Steve Crampton, chief counsel at the American Family Association's Center for Law & Policy, says there is a great deal of irony involved in the situation.

"For the first time perhaps, the public schools are starting to actually put teeth into the constitutional requirement that they make reasonable accommodations for the practice of religion," Crampton points out. "The irony, of course, is that if this was a Christian bunch asking to leave because they had a Bible study or something, they would be roundly ignored or flatly refused."

Crampton says this may be a prime opportunity for Christians to push for religious instruction in district schools, as Howard County may have no choice but to make similar accommodations for Christian students.

"Back in 1952, the U.S. Supreme Court [in Zorach v.
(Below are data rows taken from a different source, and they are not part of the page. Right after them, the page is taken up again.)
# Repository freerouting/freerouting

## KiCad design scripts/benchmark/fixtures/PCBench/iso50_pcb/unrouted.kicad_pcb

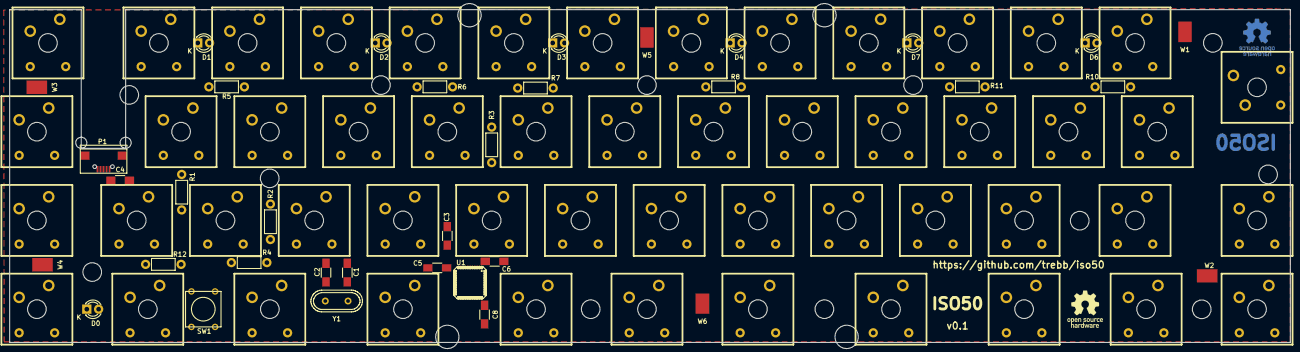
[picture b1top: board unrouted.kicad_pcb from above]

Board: 2 copper layers, 274.9 x 71.4 mm, 87 parts (0 on the bottom side), 95 nets, no tracks yet.

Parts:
C1, C2: 18p; C_1206_HandSoldering
C3, C4: 1u; C_1206_HandSoldering
C5, C6, C8: 100n; C_1206_HandSoldering
D0, D1, D2, D3, D4, D6, D7: Led_Small; LED-3MM
P1: USB; USB_Micro-207A-BBA0-R
R1, R2: 22; Resistor_Horizontal_RM7mm
R3, R4: 10k; Resistor_Horizontal_RM7mm
R5, R6, R7, R8, R10, R11, R12: 330; Resistor_Horizontal_RM7mm
SW1: SW_PUSH; SW_PUSH_SMALL
U00, U01, U02, U03, U04, U05, U06, U07, U08, U09, U10, U010, U11, U011, U12, U012, U13, U14, U15, U16, U17, U18, U19, U20, U21, U22, U23, U24, U25, U26, U27, U28, U29, U30, U31, U32, U34, U35, U37, U38, U110, U111, U112, U113, U210, U211, U212, U213, U310, U311, U312, U313: MX-DI; MXDIODE
U1: ATmega32U4; MLF-44_Atmel
W1, W2, W3, W4, W5, W6: TEST_1P; Spring-Contact_SMD
Y1: HC49S; Crystal_HC49-U_Vertical

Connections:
/col0: U00.4, U1.28, U10.4, U20.4, U30.4
/col1: U01.4, U1.27, U11.4, U21.4, U31.4
/col2: U1.26, U02.4, U12.4, U22.4, U32.4
/col3: U1.12, U03.4, U13.4, U23.4
/col4: U1.18, U04.4, U14.4, U24.4, U34.4
/col5: U1.8, U05.4, U15.4, U25.4, U35.4
/col6: U1.9, U06.4, U16.4, U26.4
/col7: U1.10, U07.4, U17.4, U27.4, U37.4
/col8: U1.40, U08.4, U18.4, U28.4, U38.4
/col9: U1.39, U09.4, U19.4, U29.4
/colA: U1.38, U010.4, U110.4, U210.4, U310.4
/colB: U1.37, U011.4, U111.4, U211.4, U311.4
/colC: U1.36, U012.4, U112.4, U212.4, U312.4
/colD: U1.30, U113.4, U213.4, U313.4
/led0: R12.2, U1.25
/led1: R5.2, U1.22
/led2: R6.2, U1.21
/led3: R7.2, U1.20
/led4: R8.2, U1.19
/led6: R10.2, U1.11
/led7: R11.2, U1.1
/row0: U00.2, U01.2, U1.31, U02.2, U03.2, U04.2, U05.2, U06.2, U07.2, U08.2, U09.2, U010.2, U011.2, U012.2
/row1: U1.32, U10.2, U11.2, U12.2, U13.2, U14.2, U15.2, U16.2, U17.2, U18.2, U19.2, U110.2, U111.2, U112.2, U113.2
/row2: U1.41, U20.2, U21.2, U22.2, U23.2, U24.2, U25.2, U26.2, U27.2, U28.2, U29.2, U210.2, U211.2, U212.2, U213.2
/row3: U1.29, U30.2, U31.2, U32.2, U34.2, U35.2, U37.2, U38.2, U310.2, U311.2, U312.2, U313.2
GND: C1.2, C2.2, C3.2, C4.2, C5.2, C6.2, C8.2, D0.1, D1.1, D2.1, D3.1, D4.1, D6.1, D7.1, P1.5, R3.2, SW1.2, W1.1, W2.1, W3.1, W4.1, W5.1, W6.1
unnamed: C1.1, U1.16, Y1.1
unnamed: C2.1, U1.17, Y1.2
unnamed: C3.1, U1.6
unnamed: D0.2, R12.1
unnamed: D1.2, R5.1
unnamed: D2.2, R6.1
unnamed: D3.2, R7.1
unnamed: D4.2, R8.1
unnamed: D6.2, R10.1
unnamed: D7.2, R11.1
unnamed: P1.2, R2.1
unnamed: P1.3, R1.1
unnamed: R1.2, U1.4
unnamed: R2.2, U1.3
unnamed: R3.1, U1.33
unnamed: R4.2, SW1.1, U1.13
unnamed: U00.1, U00.3
unnamed: U01.1, U01.3
unnamed: U02.1, U02.3
unnamed: U03.1, U03.3
unnamed: U04.1, U04.3
unnamed: U05.1, U05.3
unnamed: U06.1, U06.3
unnamed: U07.1, U07.3
unnamed: U08.1, U08.3
unnamed: U09.1, U09.3
unnamed: U10.1, U10.3
unnamed: U010.1, U010.3
unnamed: U11.1, U11.3
unnamed: U011.1, U011.3
unnamed: U12.1, U12.3
unnamed: U012.1, U012.3
unnamed: U13.1, U13.3
unnamed: U14.1, U14.3
unnamed: U15.1, U15.3
unnamed: U16.1, U16.3
unnamed: U17.1, U17.3
unnamed: U18.1, U18.3
unnamed: U19.1, U19.3
unnamed: U20.1, U20.3
unnamed: U21.1, U21.3
unnamed: U22.1, U22.3
unnamed: U23.1, U23.3
unnamed: U24.1, U24.3
unnamed: U25.1, U25.3
unnamed: U26.1, U26.3
unnamed: U27.1, U27.3
unnamed: U28.1, U28.3
unnamed: U29.1, U29.3
unnamed: U30.1, U30.3
unnamed: U31.1, U31.3
unnamed: U32.1, U32.3
unnamed: U34.1, U34.3
unnamed: U35.1, U35.3
unnamed: U37.1, U37.3
unnamed: U38.1, U38.3
unnamed: U110.1, U110.3
unnamed: U111.1, U111.3
unnamed: U112.1, U112.3
unnamed: U113.1, U113.3
unnamed: U210.1, U210.3
unnamed: U211.1, U211.3
unnamed: U212.1, U212.3
unnamed: U213.1, U213.3
unnamed: U310.1, U310.3
unnamed: U311.1, U311.3
unnamed: U312.1, U312.3
unnamed: U313.1, U313.3
VCC: C4.1, C5.1, C6.1, C8.1, P1.1, R4.1, U1.2, U1.7, U1.14, U1.24, U1.34, U1.44

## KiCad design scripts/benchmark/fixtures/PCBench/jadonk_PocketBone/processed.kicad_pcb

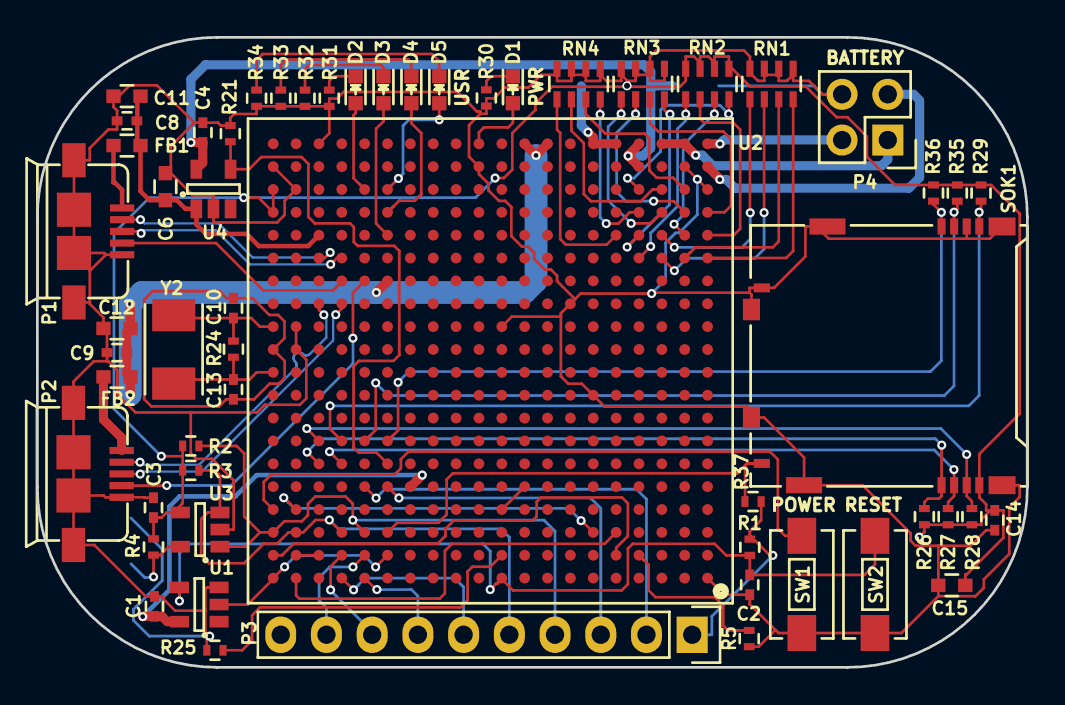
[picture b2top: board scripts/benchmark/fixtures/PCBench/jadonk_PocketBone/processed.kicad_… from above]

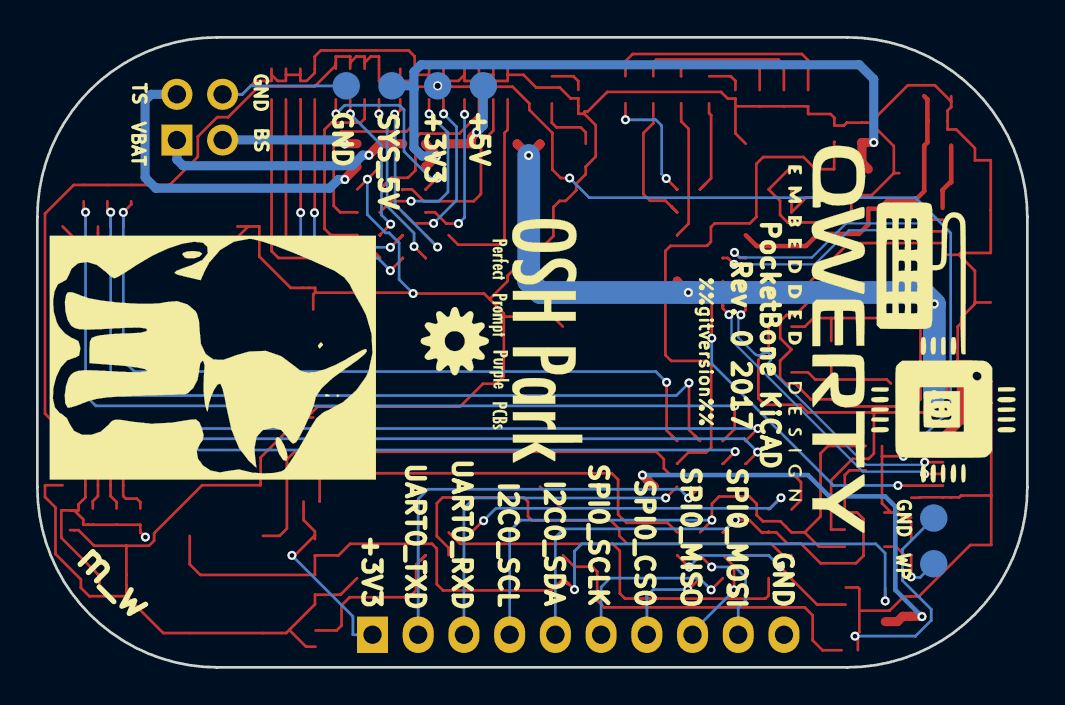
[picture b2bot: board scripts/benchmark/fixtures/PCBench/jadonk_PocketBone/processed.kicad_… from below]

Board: 4 copper layers, 55.0 x 35.0 mm, 62 parts (6 on the bottom side), 74 nets.

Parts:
C1, C3, C4, C8, C9, C14: 0.1uF; C_0402
C2: 1uF; C_0402
C6, C11, C12, C15: 10uF; C_0603
C10, C13: 18pF; C_0402
D1, D2, D3, D4, D5: BLUE; LED-0603
FB1, FB2: FILTER; C_0603
P1, P2: USB_OTG; USB_MICRO_B_ST-USB-001E
P3: CONN_01X10; Socket_Strip_Straight_1x10
P4: CONN_02X02; Socket_Strip_Straight_2x02
R1, R5, R26, R27, R28, R29, R35, R36, R37: 10K; R_0402
R2, R3, R4: 1.5K; R_0402
R21: 100K; R_0402
R24: 1M; R_0402
R25: 4.87K; R_0402
R30: 4.7K; R_0402
R31, R32, R33, R34: 240; R_0402
RN1, RN2, RN3, RN4: 100K; R_Array_Concave_4x0603
SOK1: SCHA5B0200
SW1, SW2: SW_PUSH_SMALL_H; SW_SPST_EVQPE1
TP1: 5V; Measurement_Point_Round-SMD-Pad_Small
TP2: WP; Measurement_Point_Round-SMD-Pad_Small
TP3, TP6: GND; Measurement_Point_Round-SMD-Pad_Small
TP4: 3P3; Measurement_Point_Round-SMD-Pad_Small
TP5: SYS_5V; Measurement_Point_Round-SMD-Pad_Small
U1: SN74LVC1G07; SOT-23-5
U2: OSD3358; BGA-400-1-27mm
U3: 24LC32AT-I/OT; SOT-23-5
U4: TPS2051C; SOT-23-5
Y2: 24MHz; 445C33D24M00000

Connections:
3P3AUX: D1.2, U2.Y11
+3V3: C3.1, C14.1, C15.1, P3.1, R1.1, R2.1, R3.1, R4.1, R26.1, R27.1, R28.1, R29.1, R35.1, R36.1, R37.1, RN2.5, RN2.6, RN2.7, RN2.8, SOK1.4, TP4.1, U2.U20, U2.V20, U3.4
+5V: TP1.1, U2.Y5, U2.Y6
BAT_SENSE: P4.3, U2.Y1
GND: C1.2, C2.2, C3.2, C4.2, C6.2, C8.2, C9.2, C11.2, C12.2, C14.2, C15.2, P1.5, P1.6, P1.7, P1.8, P1.9, P2.5, P2.6, P2.7, P2.8, P2.9, P3.10, P4.4, R5.2, R21.2, R25.1, R30.1, R31.1, R32.1, R33.1, R34.1, RN1.1, RN1.2, RN1.3, RN1.4, RN3.1, RN3.2, RN3.3, RN3.4, RN4.1, RN4.2, RN4.3, RN4.4, SOK1.6, SOK1.10, SOK1.11, SW1.1, SW2.1, TP3.1, TP6.1, U1.3, U2.A1, U2.J6, U2.L19, U2.M10, U2.M19, U2.N7, U2.V1, U2.V19, U2.W2, U2.W11, U2.W20, U2.Y18, U3.2, U4.2
I2C0_SCL: P3.4, R2.2, U2.C16, U2.C20, U3.1
I2C0_SDA: P3.5, R3.2, U2.C17, U2.C19, U3.3
MMC0_CD: R37.2, SOK1.9, U2.C15
MMC0_CLK: R29.2, SOK1.5, U2.G17
MMC0_CMD: R28.2, SOK1.3, U2.G18
MMC0_DAT0: R35.2, SOK1.7, U2.G16
MMC0_DAT1: R36.2, SOK1.8, U2.G15
MMC0_DAT2: R26.2, SOK1.1, U2.F18
MMC0_DAT3: R27.2, SOK1.2, U2.F17
unnamed: C2.1, R1.2, SW2.2, U1.4, U2.A10
unnamed: C10.1, R24.2, U2.M20, Y2.1
unnamed: C13.1, R24.1, U2.K20, Y2.2
unnamed: D1.1, R30.2
unnamed: D2.1, R31.2
unnamed: D3.1, R32.2
unnamed: D4.1, R33.2
unnamed: D5.1, R34.2
unnamed: FB1.2, P1.1
unnamed: FB2.2, P2.1
unnamed: R4.2, TP2.1, U3.5
unnamed: R5.1, U2.B4
unnamed: RN1.5, U2.T3
unnamed: RN1.6, U2.R3
unnamed: RN1.7, U2.R2
unnamed: RN1.8, U2.R1
unnamed: RN2.1, U2.R4
unnamed: RN2.2, U2.T1
unnamed: RN2.3, U2.T2
unnamed: RN2.4, U2.V4
unnamed: RN3.5, U2.U3
unnamed: RN3.6, U2.U2
unnamed: RN3.7, U2.U1
unnamed: RN3.8, U2.T4
unnamed: RN4.5, U2.T5
unnamed: RN4.6, U2.V3
unnamed: RN4.7, U2.V2
unnamed: RN4.8, U2.U4
unnamed: SW1.2, U2.D20
unnamed: U2.A19, U2.C5
unnamed: U2.B18, U2.B19
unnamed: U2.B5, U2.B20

Clauson] faced a situation in which public school students were allowed to leave campus to receive explicit Christian religious instruction," the attorney notes, "and the school upheld the practice under the so-called 'released time' program."

In fact, high school students in South Carolina now receive academic credit for off-campus religion classes. The South Carolina Released Time Credit Act was signed into law in early June by Governor Mark Sanford. The act states that "the free exercise of religion is important to the intellectual, moral, civic, and ethical development of students" in the state.

© 2006 AgapePress

Time to Push for Religious Instruction in Public Schools?